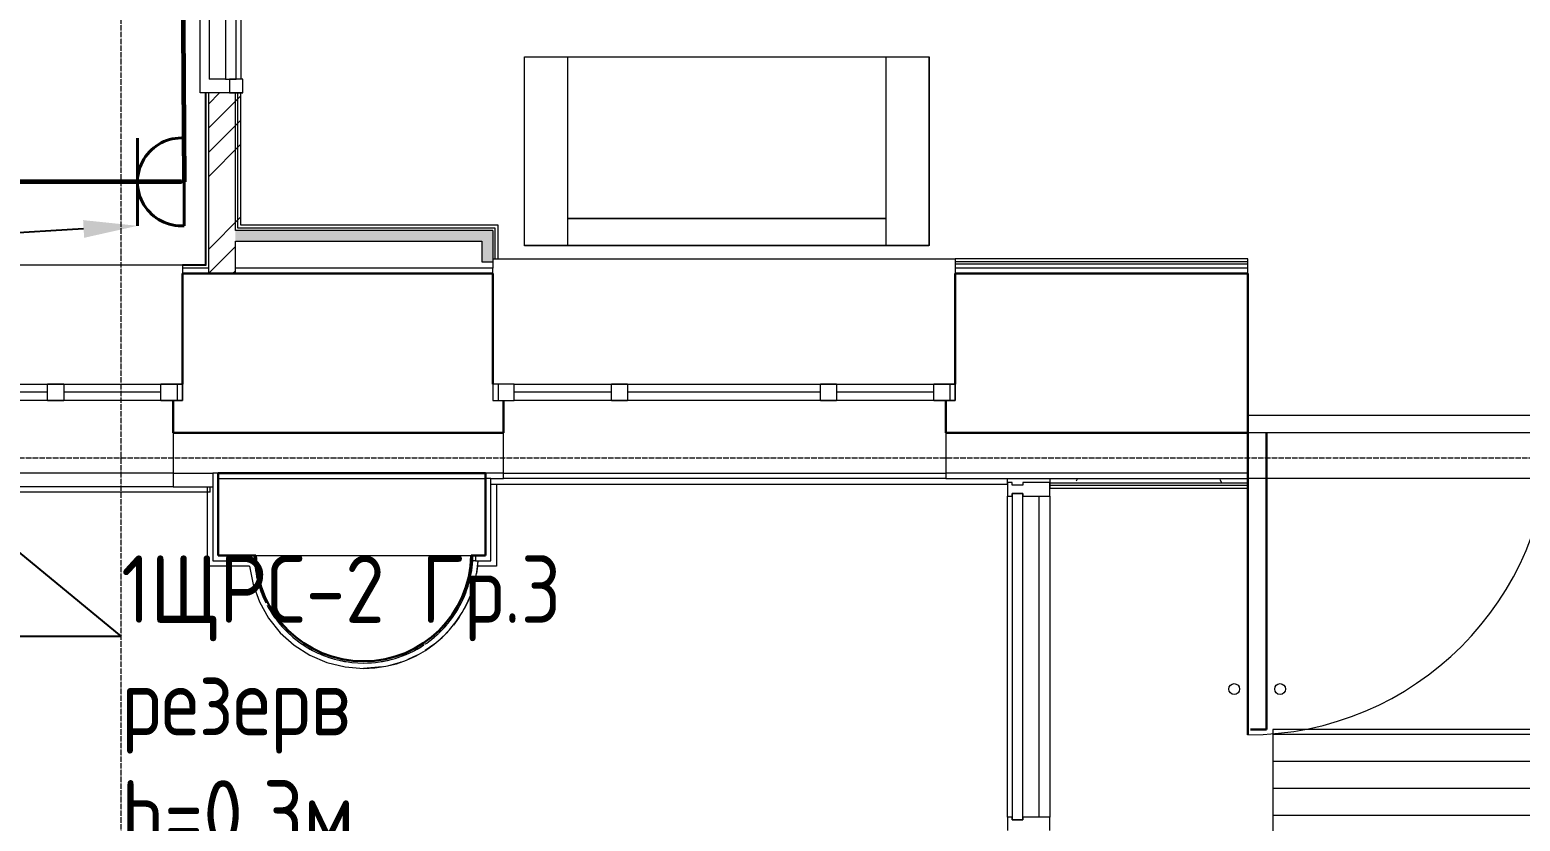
# Model space of a CAD drawing. Header units: millimetres. Extents: x -32 to 417638015, y -35 to 175284279.
# Drawn here: x 187405 to 192930, y 52216 to 55150 of the extents above; entities that cross this region are included whole.
import ezdxf
from ezdxf import colors
from ezdxf.entities.mleader import LeaderData, LeaderLine
from ezdxf.math import Vec2, Vec3

# ---------------------------------------------------------------- set-up
doc = ezdxf.new("R2010")
doc.units = ezdxf.units.MM
doc.linetypes.add('ADSK_Линия сетки', pattern=[25, 20, -2.5, 0, -2.5])
for name, color, linetype, lineweight in [('_ Окна', 7, 'Continuous', 9), ('_ЭМ_гофра', 5, 'Continuous', 60), ('_ЭМ_ТХобщее_слой', 7, 'Continuous', 30), ('Витраж', 7, 'Continuous', 9), ('Двери', 7, 'Continuous', 9), ('Колонны', 7, 'Continuous', 18), ('Окна', 7, 'Continuous', 9), ('Оси', 253, 'Continuous', 9), ('Панели витража', 7, 'Continuous', 9), ('Перекрытие', 7, 'Continuous', 18), ('Стены внутренние', 7, 'Continuous', 18), ('Стены наружные', 7, 'Continuous', 18), ('Стены несущие', 7, 'Continuous', 30), ('Стены отделка', 7, 'Continuous', 30), ('Стены разрез', 7, 'Continuous', 35), ('Стены штриховка', 7, 'Continuous', 9), ('ТХ', 5, 'Continuous', 0), ('Узлы', 7, 'Continuous', 18), ('ШТРИХОВКА', 252, 'Continuous', 15), ('ЭМ', 5, 'Continuous', 40)]:
    doc.layers.add(name, color=color, linetype=linetype, lineweight=lineweight)
doc.layers.add('_ЭМ_Надписи', color=7, linetype='Continuous')
doc.layers.add('ЭОМ_Лотки рабочие', color=5, linetype='Continuous')
doc.layers.add('Линии', color=7, linetype='Continuous', lineweight=9, true_color=0x00a600)
doc.styles.add('ЭОМ', font='isocpeur.ttf', dxfattribs={"width": 0.85, "height": 250})
pattern_1 = [(0, (557.2, 188.9), (406.4, 101.6), [33.528, -271.272, 33.528, -271.272, -1625.6]), (0, (557.2, 188.9), (406.4, 101.6), [-609.6, 33.528, -576.072, 33.528, -271.272, -711.2]), (0, (557.2, 188.9), (406.4, 101.6), [-1524, 33.528, -169.672, 33.528, -474.472]), (120, (709.6, 239.7), (-291.18818, 301.15272), [33.528, -271.272, 33.528, -271.272, -1625.6]), (120, (709.6, 239.7), (-291.18818, 301.15272), [-609.6, 33.528, -576.072, 33.528, -271.272, -711.2]), (120, (709.6, 239.7), (-291.18818, 301.15272), [-1524, 33.528, -169.672, 33.528, -474.472]), (240, (760.4, 442.9), (-115.21182, -402.75272), [33.528, -271.272, 33.528, -271.272, -1625.6]), (240, (760.4, 442.9), (-115.21182, -402.75272), [-609.6, 33.528, -576.072, 33.528, -271.272, -711.2]), (240, (760.4, 442.9), (-115.21182, -402.75272), [-1524, 33.528, -169.672, 33.528, -474.472])]

# ---------------------------------------------------------------- blocks, each defined once
blk = doc.blocks.new('ТХ 1 этаж.')
at = {"layer": 'ТХ', "color": 252, "true_color": 0x939598}
for p, q in [((27117.6, 1915.8), (27117.6, 1215.8)), ((28297.6, 1915.8), (28297.6, 1215.8)), ((28297.6, 1315.8), (27117.6, 1315.8))]:
    blk.add_line(p, q, dxfattribs=at)
blk.add_lwpolyline([(28457.6, 1215.8), (26957.6, 1215.8), (26957.6, 1915.8), (28457.6, 1915.8)], close=True, dxfattribs=at)
blk = doc.blocks.new('1 этаж')
at = {"layer": 'Стены внутренние'}
for points in [[(19943.626, 2787.133), (19983.626, 2787.133), (19982.626, 2827.133), (19029.701, 2827.133), (19029.701, 2787.133), (19154.024, 2787.133)], [(19943.626, 2711.133), (19983.626, 2711.133), (19982.626, 2787.133), (19943.626, 2787.133)]]:
    blk.add_hatch(color=8, dxfattribs=at).paths.add_polyline_path(points)
at = {"layer": 'Стены внутренние', "lineweight": 9}
h = blk.add_hatch(dxfattribs=at)
h.set_pattern_fill('FP_12', color=8, style=0, pattern_type=2)
h.set_pattern_definition(pattern_1)
h.paths.add_polyline_path([(21699.073, 2687.133), (22782.625, 2687.133), (22782.625, 2702.133), (21698.626, 2702.133), (21698.626, 2687.133)])
h = blk.add_hatch(dxfattribs=at)
h.set_pattern_fill('FP_12', color=8, style=0, pattern_type=2)
h.set_pattern_definition(pattern_1)
h.paths.add_polyline_path([(28018.201, 1892.133), (28018.201, 1907.133), (27382.762, 1907.133), (27382.762, 1892.133), (27643.855, 1892.133)])
h.paths.add_polyline_path([(22782.625, 1892.133), (22782.625, 1907.133), (21898.201, 1907.133), (21898.201, 1892.133), (22320.782, 1892.133)])
h.paths.add_polyline_path([(25487.54, 1892.133), (25712.762, 1892.133), (25712.762, 1907.133), (24452.625, 1907.133), (24452.625, 1892.133)])
at = {"layer": 'Стены штриховка'}
h = blk.add_hatch(dxfattribs=at)
h.set_pattern_fill('ANSI34', color=8, scale=20)
h.set_pattern_definition([(45, (-31496.66, 188.9), (-269.4077, 269.4077), []), (45, (-31406.86, 188.9), (-269.4077, 269.4077), []), (45, (-31317.06, 188.9), (-269.4077, 269.4077), []), (45, (-31227.26, 188.9), (-269.4077, 269.4077), [])])
h.paths.add_polyline_path([(19029.701, 8614.111), (18929.701, 8614.111), (18929.701, 8004.111), (19029.701, 8004.111)])
h.paths.add_polyline_path([(19029.701, 6974.111), (18929.701, 6974.111), (18929.701, 6337.392), (19029.701, 6337.392)])
h.paths.add_polyline_path([(19049.701, 3337.392), (18929.701, 3337.392), (18929.701, 2667.133), (19029.701, 2667.133), (19029.701, 2836.133), (19049.701, 2836.133)])
at = {"layer": 'Узлы', "lineweight": 9}
h = blk.add_hatch(dxfattribs=at)
h.set_pattern_fill('FP_32', color=8, style=0, pattern_type=2)
h.set_pattern_definition([(0, (557.2, -361.09), (0, 100), [])])
h.paths.add_polyline_path([(24433.201, 377.133), (24475.701, 377.133), (24475.701, 977.133), (22875.701, 977.133), (22875.701, 377.133), (24431.954, 377.133)])
at = {"layer": '_ Окна', "color": 8}
for p, q in [((18333.63, 2227.133), (17618.63, 2227.133)), ((18753.63, 2227.133), (18393.63, 2227.133)), ((18813.63, 2257.133), (18813.63, 2197.133)), ((20003.626, 2257.133), (20003.626, 2197.133)), ((20423.626, 2227.133), (20063.626, 2227.133)), ((21198.626, 2227.133), (20483.626, 2227.133)), ((21618.626, 2227.133), (21258.626, 2227.133)), ((21678.626, 2257.133), (21678.626, 2197.133))]:
    blk.add_line(p, q, dxfattribs=at)
at = {"layer": '_ Окна', "color": 8, "lineweight": 18}
for p, q in [((18333.63, 2197.133), (18333.63, 2257.133)), ((18333.63, 2257.133), (18393.63, 2257.133)), ((18393.63, 2257.133), (18393.63, 2197.133)), ((18753.63, 2197.133), (18753.63, 2257.133)), ((18753.63, 2257.133), (18833.63, 2257.133)), ((18833.63, 2257.133), (18833.63, 2197.133)), ((20063.626, 2257.133), (19983.626, 2257.133)), ((19983.626, 2257.133), (19983.626, 2197.133)), ((20063.626, 2197.133), (20063.626, 2257.133)), ((20423.626, 2197.133), (20423.626, 2257.133)), ((20423.626, 2257.133), (20483.626, 2257.133)), ((20483.626, 2257.133), (20483.626, 2197.133)), ((21198.626, 2197.133), (21198.626, 2257.133)), ((21198.626, 2257.133), (21258.626, 2257.133)), ((21258.626, 2257.133), (21258.626, 2197.133)), ((21618.626, 2197.133), (21618.626, 2257.133)), ((21618.626, 2257.133), (21698.626, 2257.133)), ((21698.626, 2257.133), (21698.626, 2197.133)), ((18393.63, 2197.133), (18333.63, 2197.133)), ((18833.63, 2197.133), (18753.63, 2197.133)), ((19983.626, 2197.133), (20063.626, 2197.133)), ((20483.626, 2197.133), (20423.626, 2197.133)), ((21258.626, 2197.133), (21198.626, 2197.133)), ((21698.626, 2197.133), (21618.626, 2197.133))]:
    blk.add_line(p, q, dxfattribs=at)
at = {"layer": 'Витраж', "color": 8}
for p, q in [((18932.701, 4212.392), (18932.701, 3387.392)), ((19049.701, 4212.392), (19049.701, 3387.392)), ((18992.701, 3387.392), (18932.701, 3387.392)), ((21891.968, 652.133), (21891.968, 1842.259)), ((22008.968, 652.133), (22008.968, 1842.259))]:
    blk.add_line(p, q, dxfattribs=at)
at = {"layer": 'Витраж', "color": 8, "lineweight": 18, "extrusion": (0, 0, -1)}
for p, q in [((19007.701, 3387.392), (19007.701, 3337.392)), ((19057.701, 3387.392), (19007.701, 3387.392)), ((19057.701, 3337.392), (19057.701, 3387.392)), ((19007.701, 3337.392), (19057.701, 3337.392)), ((21908.968, 652.133), (21891.968, 652.133)), ((21891.968, 652.133), (21891.968, 602.133)), ((21908.968, 642.133), (21908.968, 652.133)), ((21948.968, 642.133), (21908.968, 642.133)), ((22048.968, 652.133), (21948.968, 652.133)), ((21948.968, 652.133), (21948.968, 642.133)), ((22048.968, 602.133), (22048.968, 652.133))]:
    blk.add_line(p, q, dxfattribs=at)
at = {"layer": 'Витраж', "color": 8, "lineweight": 18}
for p, q in [((21908.968, 1892.259), (21891.968, 1892.259)), ((21891.968, 1892.259), (21891.968, 1842.259)), ((21908.968, 1882.259), (21908.968, 1892.259)), ((21948.968, 1882.259), (21908.968, 1882.259)), ((22048.968, 1892.259), (21948.968, 1892.259)), ((21948.968, 1892.259), (21948.968, 1882.259)), ((22048.968, 1842.259), (22048.968, 1892.259)), ((21891.968, 1842.259), (21908.968, 1842.259)), ((21908.968, 1852.259), (21948.968, 1852.259)), ((21908.968, 1842.259), (21908.968, 1852.259)), ((21948.968, 1852.259), (21948.968, 1842.259)), ((21948.968, 1842.259), (22048.968, 1842.259))]:
    blk.add_line(p, q, dxfattribs=at)
at = {"layer": 'Двери', "color": 8, "lineweight": 30}
blk.add_line((22782.625, 2077.133), (22782.625, 957.133), dxfattribs=at)
at = {"layer": 'Двери', "color": 8}
blk.add_arc((22782.625, 2077.133), 1120, 270, 0, dxfattribs=at)
at = {"layer": 'Колонны', "color": 8}
for start, end in [(180.922301, 186.46113), (353.53887, 359.077699), (191.693462, 195.800063), (344.199937, 348.306538), (200.975323, 205.10571), (334.89429, 339.024677), (210.268244, 214.395896), (325.604104, 329.731756), (219.57824, 223.675932), (316.324068, 320.42176), (228.916735, 232.948918), (238.308279, 242.216767), (297.783233, 301.691721), (307.051082, 311.083265), (247.816856, 251.480729), (257.678602, 260.741842), (279.258158, 282.321398), (288.519271, 292.183144)]:
    blk.add_arc((19505.056, 1628.857), 405.504, start, end, dxfattribs=at)
at = {"layer": 'Линии', "color": 8, "lineweight": 30}
for p, q in [((22852.625, 977.133), (22852.625, 2077.133)), ((22792.625, 977.133), (22852.625, 977.133))]:
    blk.add_line(p, q, dxfattribs=at)
at = {"layer": 'Линии', "color": 8}
blk.add_lwpolyline([(22875.701, 377.133), (24475.701, 377.133), (24475.701, 977.133), (22875.701, 977.133)], close=True, dxfattribs=at)
at = {"layer": 'Линии', "color": 8, "lineweight": 18}
for centre in [(22732.625, 1127.015), (22902.625, 1127.015)]:
    blk.add_circle(centre, 20, dxfattribs=at)
at = {"layer": 'Окна', "color": 8}
for p, q in [((17618.63, 2257.133), (18333.63, 2257.133)), ((18393.63, 2257.133), (18333.63, 2257.133)), ((18393.63, 2257.133), (18753.63, 2257.133)), ((18833.63, 2257.133), (18753.63, 2257.133)), ((18833.63, 2197.133), (18833.63, 2257.133)), ((20063.626, 2257.133), (19983.626, 2257.133)), ((19983.626, 2257.133), (19983.626, 2197.133)), ((20063.626, 2257.133), (20423.626, 2257.133)), ((20483.626, 2257.133), (20423.626, 2257.133)), ((20483.626, 2257.133), (21198.626, 2257.133)), ((21258.626, 2257.133), (21198.626, 2257.133)), ((21258.626, 2257.133), (21618.626, 2257.133)), ((21698.626, 2257.133), (21618.626, 2257.133)), ((21698.626, 2197.133), (21698.626, 2257.133)), ((18333.63, 2197.133), (17618.63, 2197.133)), ((18333.63, 2197.133), (18393.63, 2197.133)), ((18753.63, 2197.133), (18393.63, 2197.133)), ((18753.63, 2197.133), (18833.63, 2197.133)), ((19983.626, 2197.133), (20063.626, 2197.133)), ((20423.626, 2197.133), (20063.626, 2197.133)), ((20423.626, 2197.133), (20483.626, 2197.133)), ((21198.626, 2197.133), (20483.626, 2197.133)), ((21198.626, 2197.133), (21258.626, 2197.133)), ((21618.626, 2197.133), (21258.626, 2197.133)), ((21618.626, 2197.133), (21698.626, 2197.133))]:
    blk.add_line(p, q, dxfattribs=at)
at = {"layer": 'Оси', "color": 8, "linetype": 'ADSK_Линия сетки'}
for p, q in [((18606.766, -4162.595), (18606.766, 44411.9)), ((-9557.528, 1983.902), (56672.201, 1983.902))]:
    blk.add_line(p, q, dxfattribs=at)
at = {"layer": 'Панели витража', "color": 8, "lineweight": 18}
for p, q in [((18992.701, 4222.392), (18992.701, 3387.392)), ((19032.701, 3387.392), (19032.701, 4222.392)), ((18992.701, 3387.392), (19032.701, 3387.392))]:
    blk.add_line(p, q, dxfattribs=at)
blk.add_lwpolyline([(21908.968, 642.133), (21948.968, 642.133), (21948.968, 1852.259), (21908.968, 1852.259)], close=True, dxfattribs=at)
at = {"layer": 'Перекрытие', "color": 8}
for p, q in [((18899.701, 3337.392), (18899.701, 4212.392)), ((22782.625, 2142.133), (24452.625, 2142.133)), ((24452.625, 2077.133), (22782.625, 2077.133)), ((24452.625, 1907.133), (22782.625, 1907.133)), ((22048.968, 1842.259), (22048.968, 652.133))]:
    blk.add_line(p, q, dxfattribs=at)
at = {"layer": 'Стены внутренние', "color": 8}
for p, q in [((19983.626, 2711.133), (19983.626, 2687.133)), ((20003.626, 2722.133), (21698.626, 2722.133))]:
    blk.add_line(p, q, dxfattribs=at)
at = {"layer": 'Стены наружные', "color": 8}
for p, q in [((17118.63, 2699.133), (18833.63, 2699.133)), ((18798.63, 1927.133), (17158.63, 1927.133)), ((19997.201, 1887.133), (19997.201, 1582.329)), ((20023.626, 1927.133), (21663.626, 1927.133)), ((21663.626, 1907.133), (20023.626, 1907.133)), ((18798.63, 1877.133), (17158.63, 1877.133)), ((18936.496, 1857.228), (17916.496, 1857.228)), ((18926.496, 1582.329), (18926.496, 1877.133)), ((18936.496, 1857.228), (18936.496, 1877.133)), ((19920.232, 1602.329), (19909.692, 1602.329)), ((19082.103, 1582.329), (18926.496, 1582.329)), ((19927.987, 1582.216), (19924.157, 1555.365)), ((19997.201, 1582.329), (19928.01, 1582.329)), ((19573.843, 1208.949), (19505.056, 1203.352))]:
    blk.add_line(p, q, dxfattribs=at)
blk.add_lwpolyline([(19977.201, 1887.133), (21891.968, 1887.133), (21891.968, 1907.133)], dxfattribs=at)
at = {"layer": 'Стены наружные', "color": 8, "flags": 128}
for points in [[(19082.126, 1582.216), (19095.183, 1514.587), (19119.044, 1449.836), (19153.059, 1389.792), (19196.332, 1336.037), (19247.727, 1289.983), (19305.891, 1252.842), (19369.295, 1225.591), (19436.27, 1208.949), (19505.056, 1203.352)], [(19917.28, 1523.378), (19914.93, 1514.587), (19906.348, 1487.392)], [(19894.349, 1457.089), (19891.069, 1449.836), (19877.488, 1423.083)], [(19860.837, 1395.462), (19857.054, 1389.792), (19838.33, 1364.325)], [(19817.658, 1340.18), (19813.781, 1336.037), (19789.832, 1312.706)], [(19765.983, 1292.745), (19762.386, 1289.983), (19733.1, 1269.629)], [(19642.962, 1226.32), (19640.818, 1225.591), (19597.876, 1213.605)], [(19707.219, 1254.445), (19704.222, 1252.842), (19669.153, 1236.275)]]:
    blk.add_lwpolyline(points, dxfattribs=at)
at = {"layer": 'Стены наружные', "color": 8}
for radius, start, end in [(405.504, 183.750842, 197.210349), (425.504, 270, 356.425694), (405.504, 342.80714, 356.249158), (425.504, 353.722384, 356.425694), (405.504, 197.239833, 206.632387), (405.504, 313.202831, 342.760167), (405.504, 208.137953, 218.076219), (405.504, 218.080287, 227.546463), (405.504, 227.728732, 235.814905), (405.504, 304.117331, 312.968833), (405.504, 235.915038, 245.359777), (405.504, 270, 303.454109), (405.504, 245.463816, 270)]:
    blk.add_arc((19505.056, 1628.857), radius, start, end, dxfattribs=at)
at = {"layer": 'Стены несущие', "color": 8}
for p, q in [((18833.63, 2667.133), (18833.63, 2257.133)), ((18833.63, 2667.133), (19983.626, 2667.133)), ((19983.626, 2257.133), (19983.626, 2667.133)), ((21698.626, 2667.133), (21698.626, 2257.133)), ((22782.625, 2667.133), (21698.626, 2667.133)), ((22782.625, 2077.133), (22782.625, 2667.133)), ((18798.63, 2197.133), (18798.63, 2077.133)), ((20023.626, 2077.133), (20023.626, 2197.133)), ((21663.626, 2197.133), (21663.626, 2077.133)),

==================================================

§ **About this task**
From the records above, pull out every line containing the word "import".

§ **Exercise result**
import ezdxf
from ezdxf import colors
from ezdxf.entities.mleader import LeaderData, LeaderLine
from ezdxf.math import Vec2, Vec3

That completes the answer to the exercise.